Items listed in a dataset
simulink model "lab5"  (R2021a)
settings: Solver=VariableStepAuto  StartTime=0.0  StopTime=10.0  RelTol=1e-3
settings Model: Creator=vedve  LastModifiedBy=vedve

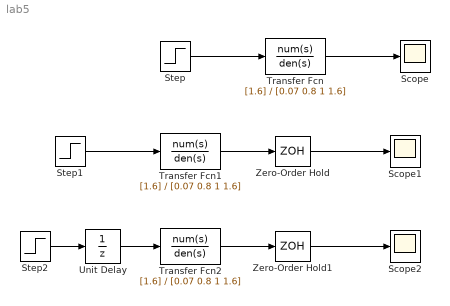
== system lab5 ==
  Scope : Scope
  Scope1 : Scope
  Scope2 : Scope
  Step : Step  SampleTime=0
  Step1 : Step  SampleTime=0
  Step2 : Step  SampleTime=0
  Transfer Fcn : TransferFcn  Numerator=[1.6]  Denominator=[0.07 0.8 1 1.6]
  Transfer Fcn1 : TransferFcn  Numerator=[1.6]  Denominator=[0.07 0.8 1 1.6]
  Transfer Fcn2 : TransferFcn  Numerator=[1.6]  Denominator=[0.07 0.8 1 1.6]
  Unit Delay : UnitDelay  SampleTime=2  HasFrameUpgradeWarning=on
  Zero-Order Hold : ZeroOrderHold  SampleTime=0.5
  Zero-Order Hold1 : ZeroOrderHold  SampleTime=0.5
  wires:
  Step/1 -> Transfer Fcn/1
  Transfer Fcn/1 -> Scope/1
  Step1/1 -> Transfer Fcn1/1
  Transfer Fcn1/1 -> Zero-Order Hold/1
  Zero-Order Hold/1 -> Scope1/1
  Zero-Order Hold1/1 -> Scope2/1
  Transfer Fcn2/1 -> Zero-Order Hold1/1
  Step2/1 -> Unit Delay/1
  Unit Delay/1 -> Transfer Fcn2/1

- Required action: Wherever a line above contains "Transfer", copy that line.

- Result of this task:
  Transfer Fcn : TransferFcn  Numerator=[1.6]  Denominator=[0.07 0.8 1 1.6]
  Transfer Fcn1 : TransferFcn  Numerator=[1.6]  Denominator=[0.07 0.8 1 1.6]
  Transfer Fcn2 : TransferFcn  Numerator=[1.6]  Denominator=[0.07 0.8 1 1.6]
  Step/1 -> Transfer Fcn/1
  Transfer Fcn/1 -> Scope/1
  Step1/1 -> Transfer Fcn1/1
  Transfer Fcn1/1 -> Zero-Order Hold/1
  Transfer Fcn2/1 -> Zero-Order Hold1/1
  Unit Delay/1 -> Transfer Fcn2/1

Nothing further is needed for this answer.